Felix: How’s your morale, Greshler?
Murray: Comme ci comme ça, sir.
Felix: Fellas making fun of your nose? Saying, “Why do we need artillery, we’ve got Greshler’s nose? The Army can’t find a gas mask to fit him. When he looks up, it looks like a two-car garage.”
Murray: I never heard that one before, sir.
Felix: I’ve heard it. They’re saying that, Greshler.
— The Odd Couple, “That Is the Army Mrs. Madison,” Oct. 26, 1973
At what point do our communal complaints about anti-Semitism plant the very ideas that we are trying to fight?
The debate over the Iran deal ain’t beanball, and both sides have gotten down and dirty to make their points. President Obama has whined about the power of the “lobbyists” lined up against the deal, instead of making the kind of level-headed, fact-based case that has fallen to supporters like Daniel Kurtzer (see page 12) and Rep. Adam Schiff (D-Calif.). The other side has made crazed Chamberlain and Holocaust analogies, and have even attacked Chuck Schumer, an avowed opponent of the deal (with an explanation that is calm, rational, and well-argued), for not working harder to corral his fellow Democrats.
And then there were, inevitably, those who played the anti-anti-Semitism card, accusing the White House of “Jew-baiting” and claiming that the deal’s supporters are tagging Jewish opponents of the deal with the “dual-loyalty” charge.
The Simon Wiesenthal Center, for example, wrote that the “spectacle of labeling Senator Schumer and other opponents of the controversial Iran Nuclear deal as ‘warmongers’ who are more loyal to Israel than America is the lowest form of gutter politics seen in our country since Joe McCarthy.”
Their evidence for this line of attack is pretty slim, however. The SWC release cites “eblasts, political cartoons, and sound bites” echoing the dual-loyalty charge, but without specifics. The Anti-Defamation League (see op-ed, page 22) points to the Twitter hashtag #dumpschumer as a “focal point for much of the vitriol,” along with a cartoon on the progressive website Daily Kos labeling Schumer a “traitor.”
But while these lines of attack are ugly and play on classic anti-Semitic stereotypes, they hardly seem mainstream. And in drawing attention to them, defense groups run the risk of making connections that may never have occurred to the general public.
Describing “warmongers” as an anti-Semitic trope is a case in point. No doubt, you can find examples, as recently as the Iraq war, of Jews being accused of dragging their “host” nations into war. But there are plenty of hawks who aren’t Jewish (Hello, John Bolton! Good morning, Mike Huckabee!). And plenty of supporters of the deal fear that its alternative is war. They should be able to make this case without being labeled anti-Semitic.
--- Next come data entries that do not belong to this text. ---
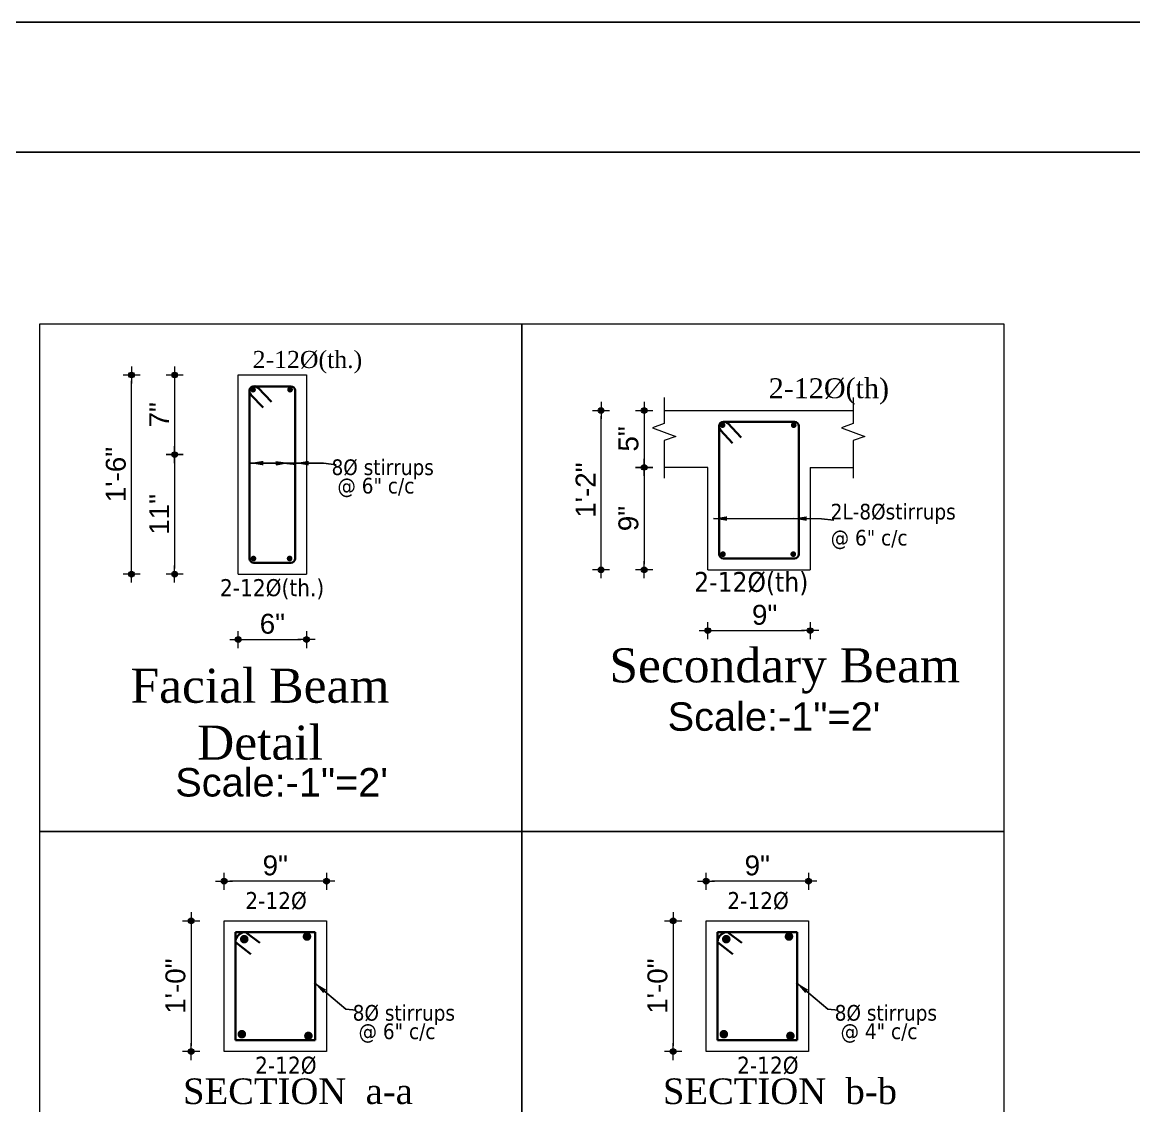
# Model space of a CAD drawing. Header units: inches. Extents: x 130993 to 274375, y -5108 to 103559.
# Drawn here: x 140794.1 to 141185, y 51102.6 to 51483.6 of the extents above; entities that cross this region are included whole.
import ezdxf

# ---------------------------------------------------------------- set-up
doc = ezdxf.new("R2010")
doc.units = ezdxf.units.IN
doc.header["$MEASUREMENT"] = 0
doc.header["$PDMODE"] = 2
doc.header["$PDSIZE"] = -3
for name, color, linetype, lineweight in [('DIMENSION', 142, 'Continuous', 20), ('HATCH', 9, 'Continuous', 9), ('REN', 7, 'Continuous', 35), ('ROD', 10, 'Continuous', 13), ('TEXT', 181, 'Continuous', 13), ('TRENCH', 7, 'Continuous', 20)]:
    doc.layers.add(name, color=color, linetype=linetype, lineweight=lineweight)
doc.layers.add('ELEVATION', color=7, linetype='Continuous')
doc.styles.add('DIM', font='dutch.ttf')
doc.styles.add('ramon', font='arial.ttf', dxfattribs={"height": 7})
doc.styles.add('romans', font='romans.shx')
doc.styles.get("Standard").update_dxf_attribs({"font": 'txt.shx', "height": 6})
doc.styles.add('TAHOMA', font='tahoma.ttf', dxfattribs={"height": 9})
doc.dimstyles.new('ARROW1', dxfattribs={"dimscale": 96, "dimtxt": 15, "dimasz": 0.05, "dimexe": 0.078125, "dimexo": 0.09375, "dimgap": 0.03125, "dimtad": 1, "dimdec": 0, "dimzin": 3, "dimdsep": 46, "dimlunit": 4, "dimtxsty": 'TAHOMA', "dimcen": 0.09375, "dimclrt": 7, "dimadec": 0, "dimazin": 0, "dimtfac": 1, "dimtdec": 0, "dimtmove": 0, "dimatfit": 3, "dimfxl": 1, "dimfrac": 2, "dimtolj": 1, "dimtzin": 0, "dimarcsym": 0})
doc.dimstyles.new('s2', dxfattribs={"dimtxt": 6, "dimasz": 2, "dimexe": 6, "dimexo": 18, "dimgap": 1.9375, "dimtad": 1, "dimdec": 0, "dimlfac": 0.25, "dimzin": 3, "dimdsep": 46, "dimlunit": 4, "dimtxsty": 'ramon', "dimblk": 'dot 2', "dimcen": 0.09375, "dimse1": 1, "dimse2": 1, "dimclrd": 1, "dimclre": 1, "dimclrt": 256, "dimadec": 0, "dimazin": 0, "dimtfac": 0.75, "dimtdec": 0, "dimtix": 1, "dimtmove": 1, "dimatfit": 3, "dimldrblk": 'DOT', "dimfxl": 1, "dimtolj": 1, "dimtzin": 0, "dimlwd": 9, "dimlwe": 9, "dimarcsym": 0})

# ---------------------------------------------------------------- blocks, each defined once
blk = doc.blocks.new('dot1')
at = {"layer": 'HATCH'}
h = blk.add_hatch(color=256, dxfattribs=at)
edge = h.paths.add_edge_path()
edge.add_arc((0, 0), 1, 0, 360)
for p, q in [((3, 0), (-3, 0)), ((0, 3), (0, -3))]:
    blk.add_line(p, q, dxfattribs=at)
blk.add_circle((0, 0), 1, dxfattribs=at)
blk = doc.blocks.new('dot 2')
at = {"layer": 'HATCH', "xscale": 0.5, "yscale": 0.5, "zscale": 0.5}
blk.add_blockref('dot1', (0, 0), dxfattribs=at)
blk = doc.blocks.new('*D1490')
at = {"layer": 'Defpoints', "color": 0, "ltscale": 50}
for p in [(141034.63, 51167.7), (141023.06, 51121.7), (141034.63, 51121.7)]:
    blk.add_point(p, dxfattribs=at)
at = {"layer": 'DIMENSION', "color": 1, "lineweight": 9, "ltscale": 50}
blk.add_line((141023.06, 51165.7), (141023.06, 51123.7), dxfattribs=at)
at = {"layer": 'DIMENSION', "color": 1, "lineweight": 9, "ltscale": 50, "xscale": 2, "yscale": 2, "zscale": 2}
for p, rotation in [((141023.06, 51167.7), 90), ((141023.06, 51121.7), 270)]:
    blk.add_blockref('dot 2', p, dxfattribs=dict(at, rotation=rotation))
at = {"layer": 'DIMENSION', "ltscale": 50, "insert": (141017.55, 51144.7), "char_height": 7, "attachment_point": 5, "rotation": 90, "style": 'ramon'}
blk.add_mtext('\\A1;1\'-0"', dxfattribs=at)
blk = doc.blocks.new('_Dot')
at = {"color": 0, "linetype": 'ByBlock', "lineweight": -2}
blk.add_line((-0.5, 0), (-1, 0), dxfattribs=at)
at = {"color": 0, "linetype": 'ByBlock', "const_width": 0.5}
blk.add_lwpolyline([(-0.25, 0, 1), (0.25, 0, 1)], format="xyb", close=True, dxfattribs=at)
blk = doc.blocks.new('*D1491')
at = {"layer": 'Defpoints', "color": 0, "ltscale": 50}
for p in [(141034.63, 51181.58), (141034.63, 51163.1), (141070.63, 51163.1)]:
    blk.add_point(p, dxfattribs=at)
at = {"layer": 'DIMENSION', "color": 1, "lineweight": 9, "ltscale": 50}
blk.add_line((141068.63, 51181.58), (141036.63, 51181.58), dxfattribs=at)
at = {"layer": 'DIMENSION', "color": 1, "lineweight": 9, "ltscale": 50, "xscale": 2, "yscale": 2, "zscale": 2, "rotation": 180}
blk.add_blockref('dot 2', (141034.63, 51181.58), dxfattribs=at)
at = {"layer": 'DIMENSION', "color": 1, "lineweight": 9, "ltscale": 50, "xscale": 2, "yscale": 2, "zscale": 2}
blk.add_blockref('dot 2', (141070.63, 51181.58), dxfattribs=at)
at = {"layer": 'DIMENSION', "ltscale": 50, "insert": (141052.63, 51187.1), "char_height": 7, "attachment_point": 5, "style": 'ramon'}
blk.add_mtext('\\A1;9"', dxfattribs=at)
blk = doc.blocks.new('*D1492')
at = {"layer": 'Defpoints', "color": 0, "ltscale": 50}
for p in [(140865.13, 51167.7), (140853.56, 51121.7), (140865.13, 51121.7)]:
    blk.add_point(p, dxfattribs=at)
at = {"layer": 'DIMENSION', "color": 1, "lineweight": 9, "ltscale": 50}
blk.add_line((140853.56, 51165.7), (140853.56, 51123.7), dxfattribs=at)
at = {"layer": 'DIMENSION', "color": 1, "lineweight": 9, "ltscale": 50, "xscale": 2, "yscale": 2, "zscale": 2}
for p, rotation in [((140853.56, 51167.7), 90), ((140853.56, 51121.7), 270)]:
    blk.add_blockref('dot 2', p, dxfattribs=dict(at, rotation=rotation))
at = {"layer": 'DIMENSION', "ltscale": 50, "insert": (140848.05, 51144.7), "char_height": 7, "attachment_point": 5, "rotation": 90, "style": 'ramon'}
blk.add_mtext('\\A1;1\'-0"', dxfattribs=at)
blk = doc.blocks.new('*D1493')
at = {"layer": 'Defpoints', "color": 0, "ltscale": 50}
for p in [(140865.13, 51181.58), (140865.13, 51163.1), (140901.13, 51163.1)]:
    blk.add_point(p, dxfattribs=at)
at = {"layer": 'DIMENSION', "color": 1, "lineweight": 9, "ltscale": 50}
blk.add_line((140899.13, 51181.58), (140867.13, 51181.58), dxfattribs=at)
at = {"layer": 'DIMENSION', "color": 1, "lineweight": 9, "ltscale": 50, "xscale": 2, "yscale": 2, "zscale": 2, "rotation": 180}
blk.add_blockref('dot 2', (140865.13, 51181.58), dxfattribs=at)
at = {"layer": 'DIMENSION', "color": 1, "lineweight": 9, "ltscale": 50, "xscale": 2, "yscale": 2, "zscale": 2}
blk.add_blockref('dot 2', (140901.13, 51181.58), dxfattribs=at)
at = {"layer": 'DIMENSION', "ltscale": 50, "insert": (140883.13, 51187.1), "char_height": 7, "attachment_point": 5, "style": 'ramon'}
blk.add_mtext('\\A1;9"', dxfattribs=at)
blk = doc.blocks.new('*D1494')
at = {"layer": 'Defpoints', "color": 0, "ltscale": 50}
for p in [(140870.11, 51289.55), (140894.11, 51289.55), (140894.11, 51266.54)]:
    blk.add_point(p, dxfattribs=at)
at = {"layer": 'DIMENSION', "color": 1, "lineweight": 9, "ltscale": 50}
blk.add_line((140872.11, 51266.54), (140892.11, 51266.54), dxfattribs=at)
at = {"layer": 'DIMENSION', "color": 1, "lineweight": 9, "ltscale": 50, "xscale": 2, "yscale": 2, "zscale": 2, "rotation": 180}
blk.add_blockref('dot 2', (140870.11, 51266.54), dxfattribs=at)
at = {"layer": 'DIMENSION', "color": 1, "lineweight": 9, "ltscale": 50, "xscale": 2, "yscale": 2, "zscale": 2}
blk.add_blockref('dot 2', (140894.11, 51266.54), dxfattribs=at)
at = {"layer": 'DIMENSION', "ltscale": 50, "insert": (140882.11, 51272.06), "char_height": 7, "attachment_point": 5, "style": 'ramon'}
blk.add_mtext('\\A1;6"', dxfattribs=at)
blk = doc.blocks.new('*D1495')
at = {"layer": 'Defpoints', "color": 0, "ltscale": 50}
for p in [(140856.04, 51331.55), (140847.75, 51289.55), (140870.11, 51289.55)]:
    blk.add_point(p, dxfattribs=at)
at = {"layer": 'DIMENSION', "color": 1, "lineweight": 9, "ltscale": 50}
blk.add_line((140847.75, 51329.55), (140847.75, 51291.55), dxfattribs=at)
at = {"layer": 'DIMENSION', "color": 1, "lineweight": 9, "ltscale": 50, "xscale": 2, "yscale": 2, "zscale": 2}
for p, rotation in [((140847.75, 51331.55), 90), ((140847.75, 51289.55), 270)]:
    blk.add_blockref('dot 2', p, dxfattribs=dict(at, rotation=rotation))
at = {"layer": 'DIMENSION', "ltscale": 50, "insert": (140842.3, 51310.55), "char_height": 7, "attachment_point": 5, "rotation": 90, "style": 'ramon'}
blk.add_mtext('\\A1;11"', dxfattribs=at)
blk = doc.blocks.new('*D1496')
at = {"layer": 'Defpoints', "color": 0, "ltscale": 50}
for p in [(140856.04, 51359.55), (140847.75, 51331.55), (140856.04, 51331.55)]:
    blk.add_point(p, dxfattribs=at)
at = {"layer": 'DIMENSION', "color": 1, "lineweight": 9, "ltscale": 50}
blk.add_line((140847.75, 51357.55), (140847.75, 51333.55), dxfattribs=at)
at = {"layer": 'DIMENSION', "color": 1, "lineweight": 9, "ltscale": 50, "xscale": 2, "yscale": 2, "zscale": 2}
for p, rotation in [((140847.75, 51359.55), 90), ((140847.75, 51331.55), 270)]:
    blk.add_blockref('dot 2', p, dxfattribs=dict(at, rotation=rotation))
at = {"layer": 'DIMENSION', "ltscale": 50, "insert": (140842.31, 51345.55), "char_height": 7, "attachment_point": 5, "rotation": 90, "style": 'ramon'}
blk.add_mtext('\\A1;7"', dxfattribs=at)
blk = doc.blocks.new('*D1497')
at = {"layer": 'Defpoints', "color": 0, "ltscale": 50}
for p in [(140832.59, 51359.55), (140870.11, 51359.55), (140870.11, 51289.55)]:
    blk.add_point(p, dxfattribs=at)
at = {"layer": 'DIMENSION', "color": 1, "lineweight": 9, "ltscale": 50}
blk.add_line((140832.59, 51291.55), (140832.59, 51357.55), dxfattribs=at)
at = {"layer": 'DIMENSION', "color": 1, "lineweight": 9, "ltscale": 50, "xscale": 2, "yscale": 2, "zscale": 2}
for p, rotation in [((140832.59, 51359.55), 90), ((140832.59, 51289.55), 270)]:
    blk.add_blockref('dot 2', p, dxfattribs=dict(at, rotation=rotation))
at = {"layer": 'DIMENSION', "ltscale": 50, "insert": (140827.08, 51324.55), "char_height": 7, "attachment_point": 5, "rotation": 90, "style": 'ramon'}
blk.add_mtext('\\A1;1\'-6"', dxfattribs=at)
blk = doc.blocks.new('*D1498')
at = {"layer": 'Defpoints', "color": 0, "ltscale": 50}
for p in [(141035.22, 51288.69), (141071.22, 51288.69), (141071.22, 51269.68)]:
    blk.add_point(p, dxfattribs=at)
at = {"layer": 'DIMENSION', "color": 1, "lineweight": 9, "ltscale": 50}
blk.add_line((141037.22, 51269.68), (141069.22, 51269.68), dxfattribs=at)
at = {"layer": 'DIMENSION', "color": 1, "lineweight": 9, "ltscale": 50, "xscale": 2, "yscale": 2, "zscale": 2, "rotation": 180}
blk.add_blockref('dot 2', (141035.22, 51269.68), dxfattribs=at)
at = {"layer": 'DIMENSION', "color": 1, "lineweight": 9, "ltscale": 50, "xscale": 2, "yscale": 2, "zscale": 2}
blk.add_blockref('dot 2', (141071.22, 51269.68), dxfattribs=at)
at = {"layer": 'DIMENSION', "ltscale": 50, "insert": (141055.22, 51275.2), "char_height": 7, "attachment_point": 5, "style": 'ramon'}
blk.add_mtext('\\A1;9"', dxfattribs=at)
blk = doc.blocks.new('*D1499')
at = {"layer": 'Defpoints', "color": 0, "ltscale": 50}
for p in [(141021.14, 51327.08), (141012.85, 51291.08), (141035.22, 51291.08)]:
    blk.add_point(p, dxfattribs=at)
at = {"layer": 'DIMENSION', "color": 1, "lineweight": 9, "ltscale": 50}
blk.add_line((141012.85, 51325.08), (141012.85, 51293.08), dxfattribs=at)
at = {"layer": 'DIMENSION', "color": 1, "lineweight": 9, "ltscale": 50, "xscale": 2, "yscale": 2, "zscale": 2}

Similarly, pundits and defense groups see any angry opposition to AIPAC as an attack on Israel and the Jews. They invoke Walt and Mearsheimer, who portray pro-Israel activists as a fifth column. But the pro-Israel lobby is savvy and political, and is using the democratic and perfectly legal tools of political activism to win veto-proof opposition to the deal. Most Americans understand the Jewish connection to Israel; a majority of Americans, and an overwhelming number who are evangelical Christians, actually share it. We can’t let the Walts and Mearsheimers win by protesting too much.
An editorial by the Jewish website Tablet kick-started a lot of this talk of anti-Semitism and dual loyalty. It described “this use of anti-Jewish incitement as a political tool” as a “sickening new development in American political discourse.” A cynic might argue that playing the anti-anti-Semitism card is a way to discredit and neutralize supporters of the Iran deal. Tablet’s attacks on Obama were strained and over the top. But even if well-intentioned, Tablet made the debate less about Iran, and more about the Jews.
Jewish groups can’t be blamed if their anti-Semitism gauges are on a hair trigger. But in this case they are not just crying wolf, but doing the wolf’s work for him.
It’s too late to keep this debate from running off the rails, but we can at least try to agree on a few principles going forward:
It is not “traitorous” for an American to care deeply about Israel’s security and well-being. Sometimes siding with its government over the White House or Congress is not a question of “loyalty” — it’s a policy disagreement.
To point out the influence of lobbyists is not (necessarily) anti-Semitic; it is acknowledging political reality. If your participation in this rough-and-tumble game makes you uncomfortable when someone points it out, you shouldn’t be in the game.
Members of any political party do not automatically owe their “loyalty” to their party or president. If more politicians were willing to cross party lines, our political system wouldn’t be as paralyzed as it is.
It is not anti-Semitic or anti-Israel to suggest that the United States sometimes has national interests that do not align with Israel’s. They are two sovereign countries.
Finally, we should be able to debate the Iran deal without being accused of being on Team Obama or Team Netanyahu. We should discuss the deal on its merits, even when politicians and activists on both sides insist we pick a side.